Exercise objective - Filter this data down to the lines that hold "color", and copy them.

------ Data records ------

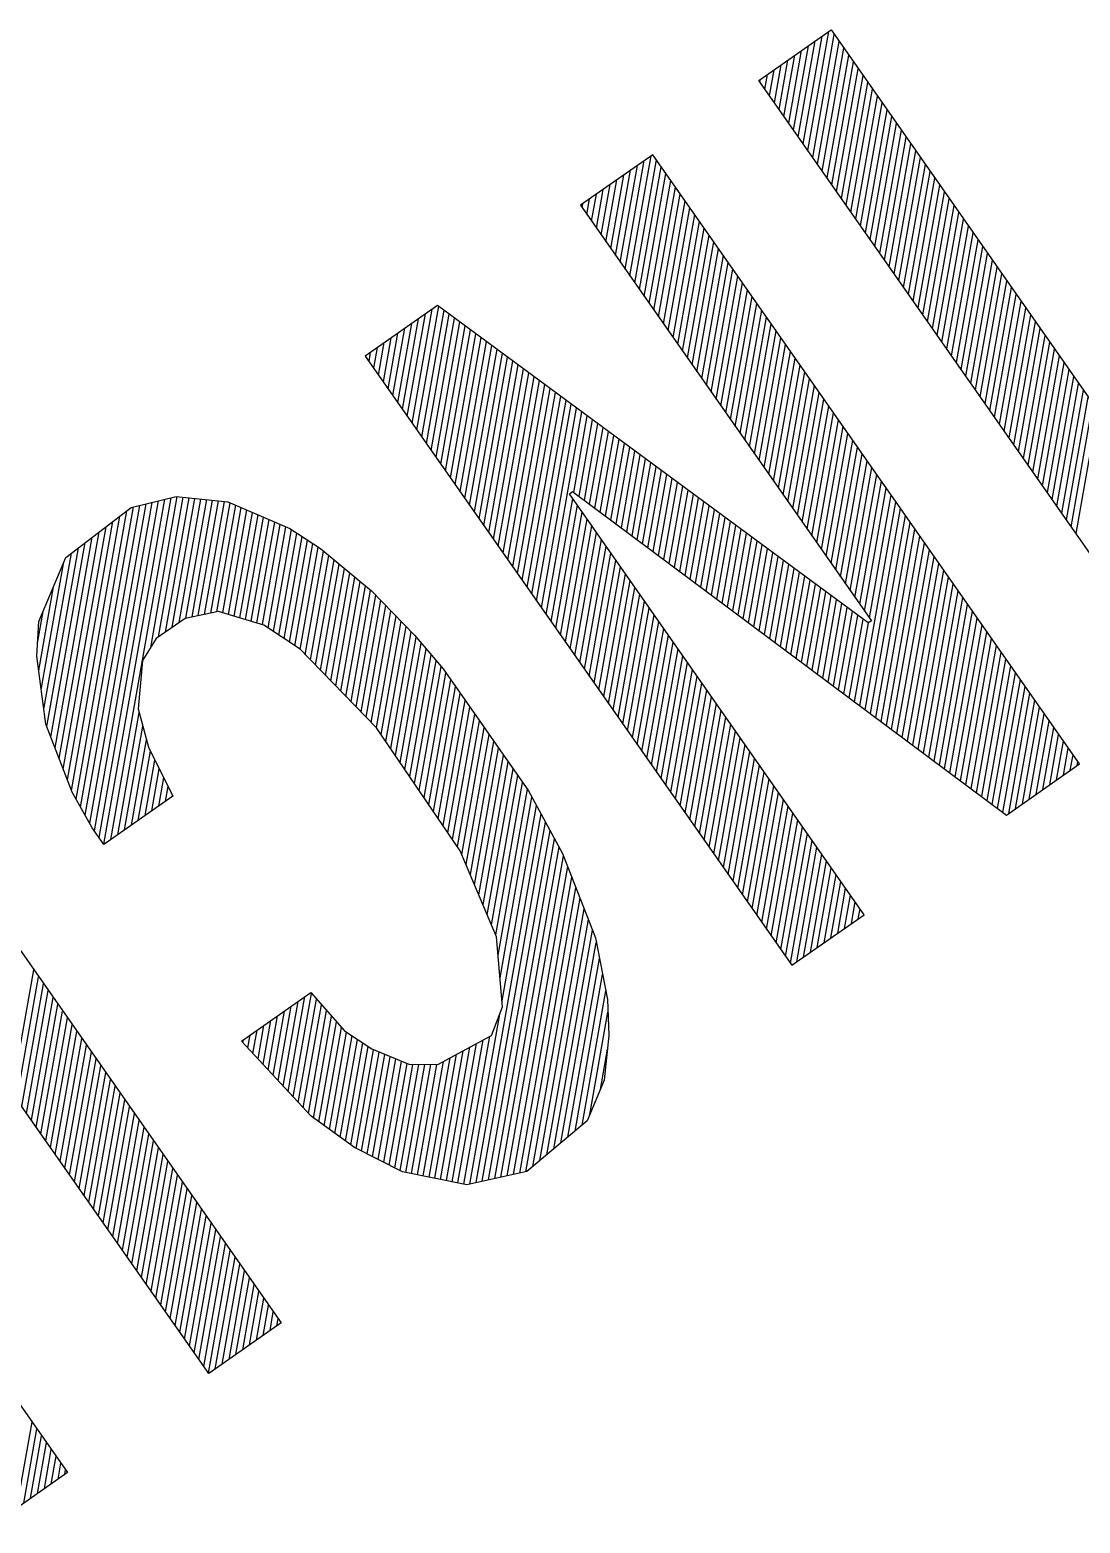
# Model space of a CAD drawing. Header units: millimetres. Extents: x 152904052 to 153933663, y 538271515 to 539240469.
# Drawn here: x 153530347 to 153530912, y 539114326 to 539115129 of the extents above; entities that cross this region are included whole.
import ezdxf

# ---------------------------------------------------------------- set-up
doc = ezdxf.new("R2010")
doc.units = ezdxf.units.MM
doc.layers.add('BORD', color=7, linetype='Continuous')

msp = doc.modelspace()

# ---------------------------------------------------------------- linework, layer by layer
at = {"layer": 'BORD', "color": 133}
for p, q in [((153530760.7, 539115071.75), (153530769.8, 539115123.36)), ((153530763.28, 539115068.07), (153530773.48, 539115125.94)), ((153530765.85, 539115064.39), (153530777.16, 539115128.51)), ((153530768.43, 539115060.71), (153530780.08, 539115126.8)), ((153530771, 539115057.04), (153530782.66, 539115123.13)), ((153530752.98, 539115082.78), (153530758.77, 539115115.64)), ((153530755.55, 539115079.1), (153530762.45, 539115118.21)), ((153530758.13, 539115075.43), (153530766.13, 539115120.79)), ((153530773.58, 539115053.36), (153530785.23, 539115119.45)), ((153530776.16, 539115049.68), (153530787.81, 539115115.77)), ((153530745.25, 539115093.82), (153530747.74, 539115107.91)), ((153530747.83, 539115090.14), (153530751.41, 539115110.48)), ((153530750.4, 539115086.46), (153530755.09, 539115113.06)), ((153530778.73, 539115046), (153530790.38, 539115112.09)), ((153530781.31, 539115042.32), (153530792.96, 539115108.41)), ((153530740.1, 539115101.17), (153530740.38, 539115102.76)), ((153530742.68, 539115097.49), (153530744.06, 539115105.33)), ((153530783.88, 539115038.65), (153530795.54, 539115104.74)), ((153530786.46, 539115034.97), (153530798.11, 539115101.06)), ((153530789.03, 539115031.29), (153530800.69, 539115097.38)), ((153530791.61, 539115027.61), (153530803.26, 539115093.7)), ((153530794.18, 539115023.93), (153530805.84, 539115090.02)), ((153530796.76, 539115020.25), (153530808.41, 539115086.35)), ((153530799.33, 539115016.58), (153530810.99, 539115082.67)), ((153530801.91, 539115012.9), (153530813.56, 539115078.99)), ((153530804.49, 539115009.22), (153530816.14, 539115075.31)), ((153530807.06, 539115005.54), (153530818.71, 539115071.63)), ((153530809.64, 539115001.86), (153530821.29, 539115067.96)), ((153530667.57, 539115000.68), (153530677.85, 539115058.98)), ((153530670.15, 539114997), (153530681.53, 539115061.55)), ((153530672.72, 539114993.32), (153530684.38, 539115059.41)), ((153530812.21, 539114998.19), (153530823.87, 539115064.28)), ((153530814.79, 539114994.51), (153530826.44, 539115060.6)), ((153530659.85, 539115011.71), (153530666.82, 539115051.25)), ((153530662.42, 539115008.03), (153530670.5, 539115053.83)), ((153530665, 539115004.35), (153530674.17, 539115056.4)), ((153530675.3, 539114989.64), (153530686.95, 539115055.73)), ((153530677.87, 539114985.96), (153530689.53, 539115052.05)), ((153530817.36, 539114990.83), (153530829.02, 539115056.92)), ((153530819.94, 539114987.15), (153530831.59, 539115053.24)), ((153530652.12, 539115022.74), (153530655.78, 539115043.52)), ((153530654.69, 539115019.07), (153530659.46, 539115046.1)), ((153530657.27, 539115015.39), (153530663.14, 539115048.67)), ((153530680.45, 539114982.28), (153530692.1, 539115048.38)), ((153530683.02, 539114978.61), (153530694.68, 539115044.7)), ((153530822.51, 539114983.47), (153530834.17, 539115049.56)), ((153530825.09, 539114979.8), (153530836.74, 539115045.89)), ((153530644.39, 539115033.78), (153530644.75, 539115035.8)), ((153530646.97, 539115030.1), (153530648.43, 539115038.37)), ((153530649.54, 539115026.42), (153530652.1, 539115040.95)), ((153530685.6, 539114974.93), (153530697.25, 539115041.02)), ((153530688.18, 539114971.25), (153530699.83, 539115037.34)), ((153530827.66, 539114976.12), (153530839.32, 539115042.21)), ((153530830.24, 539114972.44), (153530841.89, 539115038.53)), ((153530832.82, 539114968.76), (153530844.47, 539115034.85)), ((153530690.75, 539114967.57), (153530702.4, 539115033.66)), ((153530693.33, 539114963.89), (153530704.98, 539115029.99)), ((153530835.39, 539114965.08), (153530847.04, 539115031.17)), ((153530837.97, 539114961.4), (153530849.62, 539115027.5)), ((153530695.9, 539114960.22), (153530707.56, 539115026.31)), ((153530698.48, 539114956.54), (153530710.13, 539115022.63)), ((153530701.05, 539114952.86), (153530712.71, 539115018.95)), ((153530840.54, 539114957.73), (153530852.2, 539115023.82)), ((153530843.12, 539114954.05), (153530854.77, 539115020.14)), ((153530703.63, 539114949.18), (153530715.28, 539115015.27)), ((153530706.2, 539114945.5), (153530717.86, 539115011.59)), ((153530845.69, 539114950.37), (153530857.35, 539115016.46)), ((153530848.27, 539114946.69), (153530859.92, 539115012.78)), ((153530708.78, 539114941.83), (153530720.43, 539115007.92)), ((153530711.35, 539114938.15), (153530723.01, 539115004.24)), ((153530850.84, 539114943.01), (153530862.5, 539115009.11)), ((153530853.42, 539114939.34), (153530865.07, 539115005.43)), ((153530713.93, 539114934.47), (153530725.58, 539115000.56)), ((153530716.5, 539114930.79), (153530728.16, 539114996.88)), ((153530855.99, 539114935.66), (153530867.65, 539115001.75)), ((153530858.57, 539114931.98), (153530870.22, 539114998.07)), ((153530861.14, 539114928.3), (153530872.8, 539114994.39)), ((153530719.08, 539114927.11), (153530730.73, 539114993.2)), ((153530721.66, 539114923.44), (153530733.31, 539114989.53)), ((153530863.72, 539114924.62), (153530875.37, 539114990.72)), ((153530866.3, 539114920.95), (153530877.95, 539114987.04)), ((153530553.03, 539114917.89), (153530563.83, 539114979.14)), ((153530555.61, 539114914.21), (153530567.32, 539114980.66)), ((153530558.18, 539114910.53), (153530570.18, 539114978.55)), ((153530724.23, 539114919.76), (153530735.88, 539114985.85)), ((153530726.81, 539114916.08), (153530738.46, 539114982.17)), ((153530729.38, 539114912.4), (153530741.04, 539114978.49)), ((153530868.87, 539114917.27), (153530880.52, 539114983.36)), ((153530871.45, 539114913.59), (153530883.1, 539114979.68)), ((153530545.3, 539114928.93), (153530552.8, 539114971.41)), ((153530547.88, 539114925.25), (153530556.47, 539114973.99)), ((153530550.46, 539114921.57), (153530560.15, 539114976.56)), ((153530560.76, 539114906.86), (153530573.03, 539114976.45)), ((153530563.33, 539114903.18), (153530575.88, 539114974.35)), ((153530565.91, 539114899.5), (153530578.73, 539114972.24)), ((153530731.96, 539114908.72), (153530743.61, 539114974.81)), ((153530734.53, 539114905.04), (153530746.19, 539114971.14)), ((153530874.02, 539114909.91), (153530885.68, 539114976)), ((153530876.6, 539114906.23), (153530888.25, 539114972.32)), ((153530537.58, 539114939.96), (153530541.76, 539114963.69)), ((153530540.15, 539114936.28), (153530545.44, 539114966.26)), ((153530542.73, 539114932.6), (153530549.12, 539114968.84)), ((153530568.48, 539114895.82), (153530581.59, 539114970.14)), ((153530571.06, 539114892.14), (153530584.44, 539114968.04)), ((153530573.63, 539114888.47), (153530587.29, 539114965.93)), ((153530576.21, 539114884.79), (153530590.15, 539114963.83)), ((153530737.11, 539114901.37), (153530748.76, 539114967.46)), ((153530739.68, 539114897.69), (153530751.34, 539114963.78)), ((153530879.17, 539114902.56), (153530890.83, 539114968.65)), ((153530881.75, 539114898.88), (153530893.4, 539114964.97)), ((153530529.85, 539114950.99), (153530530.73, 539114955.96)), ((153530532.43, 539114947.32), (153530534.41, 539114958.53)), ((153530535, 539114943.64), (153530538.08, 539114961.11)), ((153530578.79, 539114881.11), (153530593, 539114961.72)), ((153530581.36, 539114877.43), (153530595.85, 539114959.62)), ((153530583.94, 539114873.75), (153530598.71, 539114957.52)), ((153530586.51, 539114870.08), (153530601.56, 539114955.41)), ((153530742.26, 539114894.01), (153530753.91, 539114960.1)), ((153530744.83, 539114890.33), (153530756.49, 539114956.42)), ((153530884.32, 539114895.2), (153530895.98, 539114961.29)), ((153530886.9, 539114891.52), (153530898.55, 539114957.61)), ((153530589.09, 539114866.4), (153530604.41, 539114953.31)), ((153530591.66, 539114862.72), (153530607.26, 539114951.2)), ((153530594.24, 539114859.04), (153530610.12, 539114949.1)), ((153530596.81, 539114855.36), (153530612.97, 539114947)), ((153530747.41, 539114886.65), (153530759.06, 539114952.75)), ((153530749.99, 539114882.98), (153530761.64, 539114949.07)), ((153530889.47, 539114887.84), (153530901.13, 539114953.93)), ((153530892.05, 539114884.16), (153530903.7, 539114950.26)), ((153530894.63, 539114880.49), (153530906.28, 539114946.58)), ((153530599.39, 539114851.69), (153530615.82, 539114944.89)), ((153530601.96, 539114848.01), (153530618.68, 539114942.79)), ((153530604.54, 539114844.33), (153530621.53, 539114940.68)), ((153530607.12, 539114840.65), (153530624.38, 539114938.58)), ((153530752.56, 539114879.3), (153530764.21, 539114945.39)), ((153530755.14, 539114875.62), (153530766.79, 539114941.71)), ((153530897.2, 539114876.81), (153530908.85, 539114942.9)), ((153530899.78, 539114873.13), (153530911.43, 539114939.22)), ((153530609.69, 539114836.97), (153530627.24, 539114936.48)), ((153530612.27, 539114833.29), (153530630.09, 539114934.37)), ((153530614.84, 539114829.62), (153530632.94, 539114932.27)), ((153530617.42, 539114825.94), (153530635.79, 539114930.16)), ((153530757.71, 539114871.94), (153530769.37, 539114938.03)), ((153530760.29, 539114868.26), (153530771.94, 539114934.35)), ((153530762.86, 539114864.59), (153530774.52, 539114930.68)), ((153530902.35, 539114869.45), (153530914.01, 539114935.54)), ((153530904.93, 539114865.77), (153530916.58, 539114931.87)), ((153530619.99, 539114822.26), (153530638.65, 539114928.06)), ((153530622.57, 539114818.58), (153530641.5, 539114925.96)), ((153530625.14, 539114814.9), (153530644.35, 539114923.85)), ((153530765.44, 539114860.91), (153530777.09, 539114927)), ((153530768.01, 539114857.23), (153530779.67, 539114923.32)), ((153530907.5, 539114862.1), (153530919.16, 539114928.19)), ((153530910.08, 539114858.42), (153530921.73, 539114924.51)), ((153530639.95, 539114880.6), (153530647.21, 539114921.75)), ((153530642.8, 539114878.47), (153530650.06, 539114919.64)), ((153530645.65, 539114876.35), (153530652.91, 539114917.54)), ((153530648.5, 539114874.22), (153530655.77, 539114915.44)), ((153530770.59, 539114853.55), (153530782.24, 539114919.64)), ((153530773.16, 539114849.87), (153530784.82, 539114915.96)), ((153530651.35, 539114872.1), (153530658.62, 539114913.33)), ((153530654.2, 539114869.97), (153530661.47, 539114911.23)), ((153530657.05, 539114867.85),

------

Answer -
doc.layers.add('BORD', color=7, linetype='Continuous')
at = {"layer": 'BORD', "color": 133}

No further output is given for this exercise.